**RAW DATA**
###

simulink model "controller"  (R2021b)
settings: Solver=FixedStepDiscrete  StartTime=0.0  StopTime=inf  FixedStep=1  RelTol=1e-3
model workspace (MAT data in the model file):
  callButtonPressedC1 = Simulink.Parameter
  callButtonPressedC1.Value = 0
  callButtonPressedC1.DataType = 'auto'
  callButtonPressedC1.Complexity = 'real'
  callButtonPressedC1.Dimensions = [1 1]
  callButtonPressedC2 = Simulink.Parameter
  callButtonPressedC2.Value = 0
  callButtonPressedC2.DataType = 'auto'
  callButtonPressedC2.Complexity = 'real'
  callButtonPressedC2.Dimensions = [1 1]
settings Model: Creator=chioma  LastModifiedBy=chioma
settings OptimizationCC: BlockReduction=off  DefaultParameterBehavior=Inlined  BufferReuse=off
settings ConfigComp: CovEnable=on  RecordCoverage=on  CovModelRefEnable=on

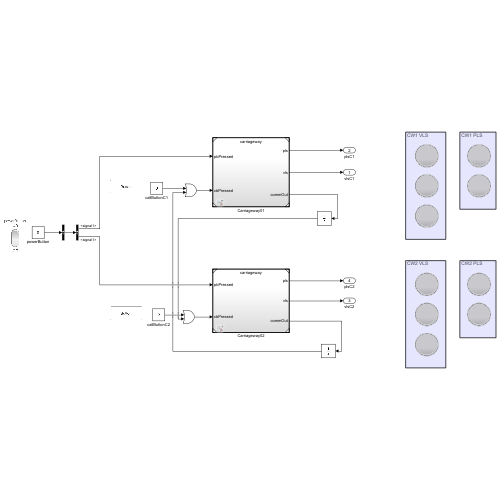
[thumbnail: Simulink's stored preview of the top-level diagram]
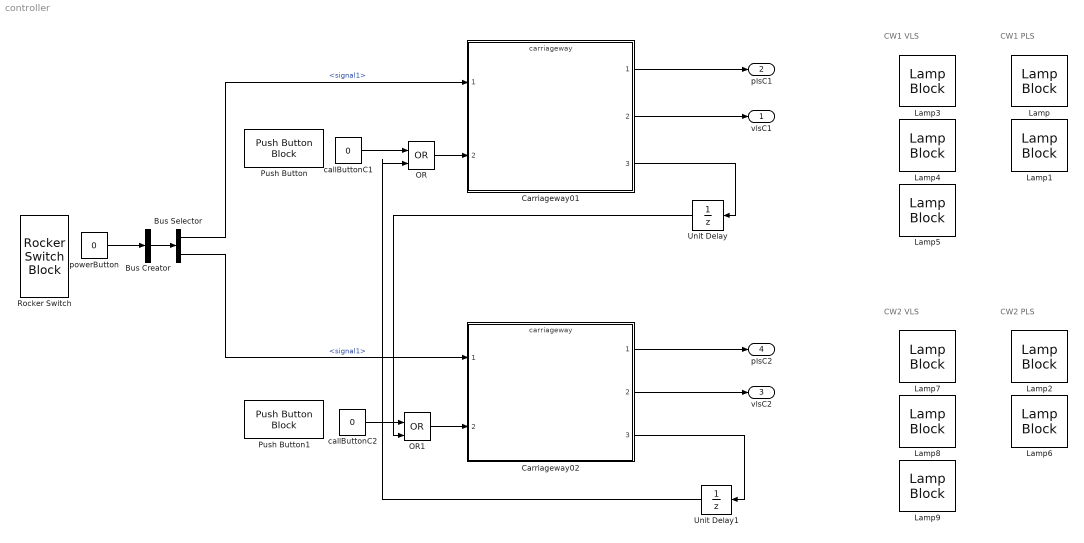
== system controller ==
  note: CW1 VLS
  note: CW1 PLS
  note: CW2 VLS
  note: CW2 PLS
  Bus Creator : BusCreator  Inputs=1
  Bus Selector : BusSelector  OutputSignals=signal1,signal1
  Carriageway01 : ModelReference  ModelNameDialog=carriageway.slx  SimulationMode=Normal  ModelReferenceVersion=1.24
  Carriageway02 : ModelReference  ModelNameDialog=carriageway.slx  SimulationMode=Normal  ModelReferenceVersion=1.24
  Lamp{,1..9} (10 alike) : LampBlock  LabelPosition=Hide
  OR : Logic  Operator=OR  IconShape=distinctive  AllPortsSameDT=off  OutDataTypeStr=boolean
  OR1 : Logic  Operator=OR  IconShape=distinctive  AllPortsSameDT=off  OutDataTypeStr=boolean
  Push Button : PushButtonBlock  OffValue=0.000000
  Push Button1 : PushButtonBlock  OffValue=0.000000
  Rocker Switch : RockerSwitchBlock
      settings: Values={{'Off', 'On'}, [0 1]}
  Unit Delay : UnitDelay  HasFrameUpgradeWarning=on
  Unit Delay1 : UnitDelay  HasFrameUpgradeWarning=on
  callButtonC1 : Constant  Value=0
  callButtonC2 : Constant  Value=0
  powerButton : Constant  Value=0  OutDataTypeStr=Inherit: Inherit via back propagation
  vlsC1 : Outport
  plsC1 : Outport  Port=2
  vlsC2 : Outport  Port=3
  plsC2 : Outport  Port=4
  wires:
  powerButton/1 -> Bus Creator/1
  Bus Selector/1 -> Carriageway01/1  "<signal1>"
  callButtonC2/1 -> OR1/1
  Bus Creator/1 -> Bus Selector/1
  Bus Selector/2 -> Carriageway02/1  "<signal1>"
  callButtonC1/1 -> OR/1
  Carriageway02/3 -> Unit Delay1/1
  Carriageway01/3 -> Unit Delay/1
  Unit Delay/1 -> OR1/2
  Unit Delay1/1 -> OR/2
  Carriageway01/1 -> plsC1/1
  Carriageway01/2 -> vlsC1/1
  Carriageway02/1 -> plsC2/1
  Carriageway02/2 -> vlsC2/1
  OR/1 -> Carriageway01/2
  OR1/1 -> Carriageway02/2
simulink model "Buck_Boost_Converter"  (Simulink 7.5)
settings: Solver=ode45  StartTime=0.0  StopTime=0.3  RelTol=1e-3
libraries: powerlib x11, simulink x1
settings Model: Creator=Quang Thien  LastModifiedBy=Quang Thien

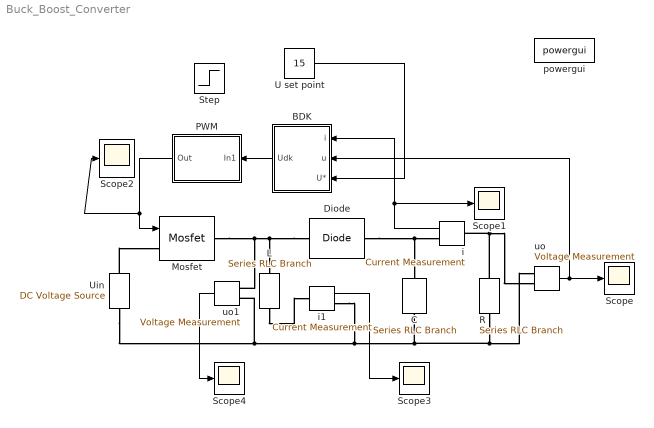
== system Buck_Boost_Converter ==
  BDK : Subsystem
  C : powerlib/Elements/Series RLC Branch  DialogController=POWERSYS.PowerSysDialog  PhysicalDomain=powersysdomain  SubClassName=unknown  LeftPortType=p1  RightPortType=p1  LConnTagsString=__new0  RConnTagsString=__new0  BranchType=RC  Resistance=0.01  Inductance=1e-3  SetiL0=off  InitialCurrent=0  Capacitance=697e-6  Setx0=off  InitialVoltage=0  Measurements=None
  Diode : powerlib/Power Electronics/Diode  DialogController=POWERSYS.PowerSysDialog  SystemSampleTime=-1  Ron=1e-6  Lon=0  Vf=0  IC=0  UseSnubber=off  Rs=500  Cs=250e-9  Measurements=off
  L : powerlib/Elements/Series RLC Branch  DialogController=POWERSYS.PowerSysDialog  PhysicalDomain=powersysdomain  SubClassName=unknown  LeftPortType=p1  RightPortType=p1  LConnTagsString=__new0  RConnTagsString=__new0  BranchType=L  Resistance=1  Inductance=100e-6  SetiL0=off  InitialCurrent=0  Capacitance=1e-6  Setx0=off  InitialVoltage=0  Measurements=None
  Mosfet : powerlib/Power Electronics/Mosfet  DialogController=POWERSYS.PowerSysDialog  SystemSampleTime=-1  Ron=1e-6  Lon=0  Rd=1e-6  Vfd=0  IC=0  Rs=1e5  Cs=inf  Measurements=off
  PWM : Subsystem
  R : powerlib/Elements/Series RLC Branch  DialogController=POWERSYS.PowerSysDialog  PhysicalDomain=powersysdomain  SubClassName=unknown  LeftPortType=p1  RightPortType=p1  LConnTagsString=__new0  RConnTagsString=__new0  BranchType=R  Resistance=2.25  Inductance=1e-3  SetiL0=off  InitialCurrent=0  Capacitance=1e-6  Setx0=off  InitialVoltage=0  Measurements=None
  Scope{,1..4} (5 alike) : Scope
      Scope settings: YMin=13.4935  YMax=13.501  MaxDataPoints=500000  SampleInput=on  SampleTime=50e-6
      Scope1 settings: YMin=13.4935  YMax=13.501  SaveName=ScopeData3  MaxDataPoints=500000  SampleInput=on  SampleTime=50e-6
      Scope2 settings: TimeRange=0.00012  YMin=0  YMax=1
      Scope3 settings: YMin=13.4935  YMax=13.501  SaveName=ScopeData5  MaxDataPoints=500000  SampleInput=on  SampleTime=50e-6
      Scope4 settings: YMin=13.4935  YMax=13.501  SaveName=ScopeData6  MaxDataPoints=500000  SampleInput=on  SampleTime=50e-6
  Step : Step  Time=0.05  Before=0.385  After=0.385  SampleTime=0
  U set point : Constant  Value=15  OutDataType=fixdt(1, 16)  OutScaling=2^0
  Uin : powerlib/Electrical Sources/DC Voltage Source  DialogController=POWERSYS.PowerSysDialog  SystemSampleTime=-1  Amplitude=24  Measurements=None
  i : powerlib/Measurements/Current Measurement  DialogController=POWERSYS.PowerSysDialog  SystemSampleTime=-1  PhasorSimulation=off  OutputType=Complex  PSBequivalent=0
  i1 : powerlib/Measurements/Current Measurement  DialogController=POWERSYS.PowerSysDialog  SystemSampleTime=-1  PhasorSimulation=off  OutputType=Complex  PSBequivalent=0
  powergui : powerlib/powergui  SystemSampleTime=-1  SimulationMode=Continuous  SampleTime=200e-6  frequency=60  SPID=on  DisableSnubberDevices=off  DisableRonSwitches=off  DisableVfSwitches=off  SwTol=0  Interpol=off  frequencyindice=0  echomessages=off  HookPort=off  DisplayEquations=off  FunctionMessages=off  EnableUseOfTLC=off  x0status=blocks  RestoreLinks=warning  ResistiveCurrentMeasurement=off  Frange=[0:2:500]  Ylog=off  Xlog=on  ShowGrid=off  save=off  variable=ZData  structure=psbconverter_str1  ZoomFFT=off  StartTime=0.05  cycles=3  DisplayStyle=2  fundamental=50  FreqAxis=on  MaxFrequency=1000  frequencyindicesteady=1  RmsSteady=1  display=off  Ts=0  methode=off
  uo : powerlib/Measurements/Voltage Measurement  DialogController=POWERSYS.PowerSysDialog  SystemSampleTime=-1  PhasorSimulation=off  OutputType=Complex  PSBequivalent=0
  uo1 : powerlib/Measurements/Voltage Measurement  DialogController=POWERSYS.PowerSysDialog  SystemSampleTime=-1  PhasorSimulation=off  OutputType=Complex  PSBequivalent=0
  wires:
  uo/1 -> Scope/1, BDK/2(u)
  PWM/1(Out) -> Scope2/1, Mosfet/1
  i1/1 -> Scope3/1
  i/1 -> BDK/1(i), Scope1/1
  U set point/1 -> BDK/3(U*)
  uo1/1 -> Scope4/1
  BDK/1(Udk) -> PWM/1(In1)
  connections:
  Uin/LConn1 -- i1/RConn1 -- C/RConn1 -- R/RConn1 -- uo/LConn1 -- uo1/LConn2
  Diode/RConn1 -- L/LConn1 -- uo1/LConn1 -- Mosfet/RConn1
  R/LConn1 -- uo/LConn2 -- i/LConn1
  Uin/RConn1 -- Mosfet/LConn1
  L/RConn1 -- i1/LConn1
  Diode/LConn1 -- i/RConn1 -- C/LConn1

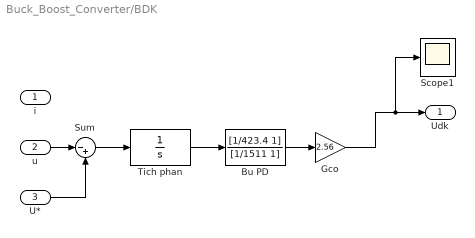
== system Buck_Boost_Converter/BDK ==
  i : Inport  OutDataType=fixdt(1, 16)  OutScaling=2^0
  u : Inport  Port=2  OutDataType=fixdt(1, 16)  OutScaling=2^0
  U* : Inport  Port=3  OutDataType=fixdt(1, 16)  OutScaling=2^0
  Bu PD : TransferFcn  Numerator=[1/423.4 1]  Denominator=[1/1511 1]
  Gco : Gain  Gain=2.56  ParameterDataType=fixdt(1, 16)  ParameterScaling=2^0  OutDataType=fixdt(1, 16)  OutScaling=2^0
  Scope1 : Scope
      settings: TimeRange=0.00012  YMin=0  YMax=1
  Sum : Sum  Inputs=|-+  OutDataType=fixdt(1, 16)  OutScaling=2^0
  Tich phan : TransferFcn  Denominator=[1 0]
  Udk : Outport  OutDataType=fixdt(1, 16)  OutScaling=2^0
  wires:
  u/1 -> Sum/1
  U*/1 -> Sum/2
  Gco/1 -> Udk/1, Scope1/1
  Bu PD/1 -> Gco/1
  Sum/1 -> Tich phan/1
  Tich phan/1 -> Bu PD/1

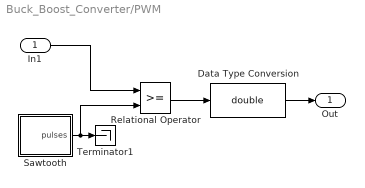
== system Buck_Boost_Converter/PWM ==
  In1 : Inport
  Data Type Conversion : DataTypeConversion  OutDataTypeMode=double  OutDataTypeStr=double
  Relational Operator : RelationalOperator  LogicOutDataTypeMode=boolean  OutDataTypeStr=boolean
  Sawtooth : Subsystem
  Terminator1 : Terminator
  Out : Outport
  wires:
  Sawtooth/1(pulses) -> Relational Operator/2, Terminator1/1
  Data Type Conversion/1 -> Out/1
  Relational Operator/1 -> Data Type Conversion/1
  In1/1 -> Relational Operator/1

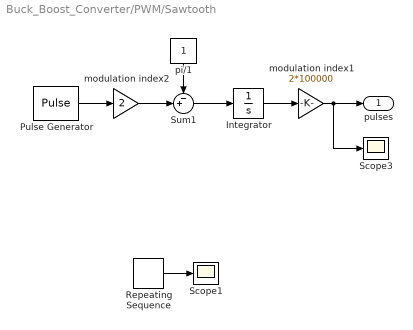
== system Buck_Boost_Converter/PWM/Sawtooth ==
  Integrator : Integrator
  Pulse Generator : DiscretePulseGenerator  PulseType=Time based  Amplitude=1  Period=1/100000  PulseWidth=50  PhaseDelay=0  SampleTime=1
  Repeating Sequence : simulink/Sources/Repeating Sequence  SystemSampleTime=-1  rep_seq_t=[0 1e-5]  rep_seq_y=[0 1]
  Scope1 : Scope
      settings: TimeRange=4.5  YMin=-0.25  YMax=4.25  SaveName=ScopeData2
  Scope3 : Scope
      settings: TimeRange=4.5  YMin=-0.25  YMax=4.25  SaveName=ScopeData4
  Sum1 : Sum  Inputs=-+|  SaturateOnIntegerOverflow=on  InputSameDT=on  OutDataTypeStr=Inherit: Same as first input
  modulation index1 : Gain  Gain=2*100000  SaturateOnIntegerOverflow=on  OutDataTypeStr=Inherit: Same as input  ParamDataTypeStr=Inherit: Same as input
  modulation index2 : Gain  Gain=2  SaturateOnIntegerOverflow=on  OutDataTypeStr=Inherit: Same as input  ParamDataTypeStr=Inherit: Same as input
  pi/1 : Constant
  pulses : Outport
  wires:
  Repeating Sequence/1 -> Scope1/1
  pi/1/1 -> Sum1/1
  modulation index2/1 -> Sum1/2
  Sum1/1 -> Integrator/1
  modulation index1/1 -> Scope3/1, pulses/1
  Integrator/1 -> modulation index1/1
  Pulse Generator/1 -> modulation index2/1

###

**TASK STATEMENT**
If a line contains the string "RelTol", it counts toward the total; state that total for the records above and nothing more.

**TASK ANSWER**
2